Any tips on using a cordless drill with this auger?

Hope to be drilling 20-30 holes a day in 16"s of ice up north next week!!!!!

Thanks,
Mark


----------



## icebucketjohn (Dec 22, 2005)

Yep.,Highest Torque, Lowest Speed.


----------



## 9Left (Jun 23, 2012)

Good luck man!


----------



## 9Left (Jun 23, 2012)

... And bring spare batteries! Going thru 16" of ice with a cordless, you're only going to get a few holes on one battery... If that


----------



## fattire (Apr 8, 2015)

9Left said:


> ... And bring spare batteries! Going thru 16" of ice with a cordless, you're only going to get a few holes on one battery... If that


Depends on the drill I have drilled 12 holes in 18" + ice and never had to change the battery on my Rigid.


----------



## aquaholic2 (Feb 17, 2010)

fattire said:


> Depends on the drill I have drilled 12 holes in 18" + ice and never had to change the battery on my Rigid.[/QUOTE
> 
> 
> fattire said:
> ...


----------



## laynhardwood (Dec 27, 2009)

My friend has the vexilar K drill and a li ion Milwaukee drill and we get 20-25holes through 16" of ice on one battery


----------



## Rooster (Apr 8, 2004)

Yea, if I only get a couple of holes on a battery, I’m going to be disappointed. I hope to get at least 10 per battery (have 3 batteries & plan to keep them warm).

It is an older drill that I just had lying around the house. I was reading some reviews on the Nils 6”, and some were reporting over 20 holes with a single battery on the same drill. If I get half that, I will be more than happy…….MUCH better than drilling by hand.


----------



## AtticaFish (Nov 23, 2008)

Have you cut any holes yet with the Nils by hand? Bet you will be surprised how easy it is to cut by hand.


----------



## STRONGPERSUADER (Nov 5, 2006)

Like ibj said, lowest speed and let the cutting head do all the work. No need to push down really. Good luck!


----------



## 9Left (Jun 23, 2012)

Yea... With an ION battery! That's completely different... A regular battery is not gonna get you too far with that much ice... Just bring the hand attachment for the drill ... At any rate... Good luck and keep us posted !


----------



## TDD11 (Aug 5, 2015)

I carry the hand crank attachment as a backup.

I'm using a Dewalt 20V Max XRP drill, with 5ah batteries and an 8" Strikemaster Mora auger. The side handle on the drill is a huge help! The guys are right though, just let the weight of the drill and auger do the work. No need to apply any force. 

I haven't got to truly test the battery life of the 5ah batteries, but I have drilled 30+ holes in 8" ice with one battery.
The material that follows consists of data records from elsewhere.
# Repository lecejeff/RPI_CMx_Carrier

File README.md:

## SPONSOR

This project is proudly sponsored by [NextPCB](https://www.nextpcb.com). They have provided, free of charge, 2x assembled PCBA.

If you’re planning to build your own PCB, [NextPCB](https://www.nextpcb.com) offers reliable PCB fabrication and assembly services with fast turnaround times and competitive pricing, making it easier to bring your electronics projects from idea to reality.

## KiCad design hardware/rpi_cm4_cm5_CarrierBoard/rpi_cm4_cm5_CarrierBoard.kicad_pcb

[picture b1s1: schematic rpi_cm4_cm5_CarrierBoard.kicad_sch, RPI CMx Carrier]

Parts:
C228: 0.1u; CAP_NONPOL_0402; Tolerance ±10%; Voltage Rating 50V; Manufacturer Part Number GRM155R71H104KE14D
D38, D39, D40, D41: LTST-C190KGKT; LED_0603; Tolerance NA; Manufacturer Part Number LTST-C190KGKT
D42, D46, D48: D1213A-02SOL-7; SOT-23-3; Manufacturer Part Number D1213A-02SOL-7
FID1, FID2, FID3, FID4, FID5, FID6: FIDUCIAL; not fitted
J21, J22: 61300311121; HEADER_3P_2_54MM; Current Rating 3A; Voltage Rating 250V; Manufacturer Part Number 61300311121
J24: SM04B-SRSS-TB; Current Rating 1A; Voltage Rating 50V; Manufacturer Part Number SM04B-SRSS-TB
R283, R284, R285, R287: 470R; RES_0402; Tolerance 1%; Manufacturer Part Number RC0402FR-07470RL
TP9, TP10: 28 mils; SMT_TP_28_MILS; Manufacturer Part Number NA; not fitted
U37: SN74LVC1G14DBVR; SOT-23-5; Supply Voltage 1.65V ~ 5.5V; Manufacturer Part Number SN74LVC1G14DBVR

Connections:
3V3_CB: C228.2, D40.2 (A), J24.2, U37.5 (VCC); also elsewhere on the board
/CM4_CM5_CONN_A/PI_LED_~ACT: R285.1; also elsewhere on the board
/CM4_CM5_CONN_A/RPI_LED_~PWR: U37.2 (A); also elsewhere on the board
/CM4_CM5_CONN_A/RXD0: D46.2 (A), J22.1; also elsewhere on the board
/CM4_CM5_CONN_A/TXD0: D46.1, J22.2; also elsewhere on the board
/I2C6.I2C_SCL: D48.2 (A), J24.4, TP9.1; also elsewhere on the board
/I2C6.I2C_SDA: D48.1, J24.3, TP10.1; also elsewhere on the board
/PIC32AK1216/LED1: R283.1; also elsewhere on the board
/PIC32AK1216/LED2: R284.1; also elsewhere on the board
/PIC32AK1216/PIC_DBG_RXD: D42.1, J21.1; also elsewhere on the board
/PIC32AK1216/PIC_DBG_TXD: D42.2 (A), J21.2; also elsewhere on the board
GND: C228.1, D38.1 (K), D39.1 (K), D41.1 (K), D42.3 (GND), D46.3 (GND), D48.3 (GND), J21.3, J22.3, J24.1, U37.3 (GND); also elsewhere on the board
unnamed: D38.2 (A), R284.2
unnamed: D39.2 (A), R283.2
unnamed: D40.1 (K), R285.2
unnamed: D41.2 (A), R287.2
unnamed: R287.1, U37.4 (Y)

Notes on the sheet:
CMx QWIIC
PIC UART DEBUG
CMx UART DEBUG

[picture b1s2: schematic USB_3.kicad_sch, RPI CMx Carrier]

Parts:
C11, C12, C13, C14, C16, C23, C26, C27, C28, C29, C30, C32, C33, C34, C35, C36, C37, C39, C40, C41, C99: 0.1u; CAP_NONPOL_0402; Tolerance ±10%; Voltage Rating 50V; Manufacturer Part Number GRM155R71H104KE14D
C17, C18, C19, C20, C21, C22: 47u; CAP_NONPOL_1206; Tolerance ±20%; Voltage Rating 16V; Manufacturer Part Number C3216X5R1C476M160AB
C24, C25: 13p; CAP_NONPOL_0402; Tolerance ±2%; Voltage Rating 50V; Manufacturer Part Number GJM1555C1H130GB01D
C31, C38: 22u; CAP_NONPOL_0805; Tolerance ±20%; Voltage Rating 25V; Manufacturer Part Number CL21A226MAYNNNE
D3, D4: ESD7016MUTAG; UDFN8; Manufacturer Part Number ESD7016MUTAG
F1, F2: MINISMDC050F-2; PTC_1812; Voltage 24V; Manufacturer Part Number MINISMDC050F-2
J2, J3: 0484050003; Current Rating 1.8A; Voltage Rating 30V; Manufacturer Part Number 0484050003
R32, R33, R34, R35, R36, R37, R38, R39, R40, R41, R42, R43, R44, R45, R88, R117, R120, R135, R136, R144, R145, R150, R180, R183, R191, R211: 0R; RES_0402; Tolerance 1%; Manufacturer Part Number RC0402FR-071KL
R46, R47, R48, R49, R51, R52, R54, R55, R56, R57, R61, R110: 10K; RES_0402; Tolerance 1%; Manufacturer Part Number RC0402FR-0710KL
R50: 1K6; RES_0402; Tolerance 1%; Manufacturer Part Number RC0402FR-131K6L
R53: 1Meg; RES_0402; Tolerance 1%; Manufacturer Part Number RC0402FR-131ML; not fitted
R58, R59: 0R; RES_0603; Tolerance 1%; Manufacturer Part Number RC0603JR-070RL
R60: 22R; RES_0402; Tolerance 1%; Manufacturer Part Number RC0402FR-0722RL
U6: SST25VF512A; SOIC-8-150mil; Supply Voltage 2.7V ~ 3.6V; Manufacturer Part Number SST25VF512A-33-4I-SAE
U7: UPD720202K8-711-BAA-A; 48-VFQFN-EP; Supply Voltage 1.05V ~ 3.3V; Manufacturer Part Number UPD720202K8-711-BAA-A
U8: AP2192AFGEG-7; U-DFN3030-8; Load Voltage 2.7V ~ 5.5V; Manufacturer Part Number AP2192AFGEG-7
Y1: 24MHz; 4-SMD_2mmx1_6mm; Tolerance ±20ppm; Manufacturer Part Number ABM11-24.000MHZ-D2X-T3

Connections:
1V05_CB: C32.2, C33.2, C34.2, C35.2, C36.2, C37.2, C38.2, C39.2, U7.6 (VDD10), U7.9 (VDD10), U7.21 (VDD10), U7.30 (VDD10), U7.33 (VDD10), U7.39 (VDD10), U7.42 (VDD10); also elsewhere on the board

If it wasn't for this forum I would never have thought to adapt my auger for drill use. 

I do keep the battery in my coat pocket, and the spares in the warm shanty. I'm a big believer in the Lithium ion batteries compared to the old nicad


----------



## mrbencrazy (Aug 25, 2010)

I had the adapter worked well got about 6 to 8 holes on a battery. Recently got a clam gear reduction plate and highly recommend it. We get about 10-12 holes now but a lot less wear and tear on your drill


----------



## BFG (Mar 29, 2006)

I went with a brushless Rigid 18v hammer drill w/ 600 in. of torque and paired it with my 6" Mora. My buddy made the extension for me. Go figure...warm winter kept me from trying it out.


----------



## Rooster (Apr 8, 2004)

I never had to use my reserve battery. I was getting 20+ (lost count) holes in 12”+ of ice on my battery….effortless drilling and exceeded all expectations. I did keep the battery in the shack when not in use. 

Does anyone know if the cutting head is compatible with the Trekker? I would really like to get the cordless drill top & 14” section from the Trekker…..could keep the auger in the shack, and be plenty for Southern Ohio ice…if there is any next year!


----------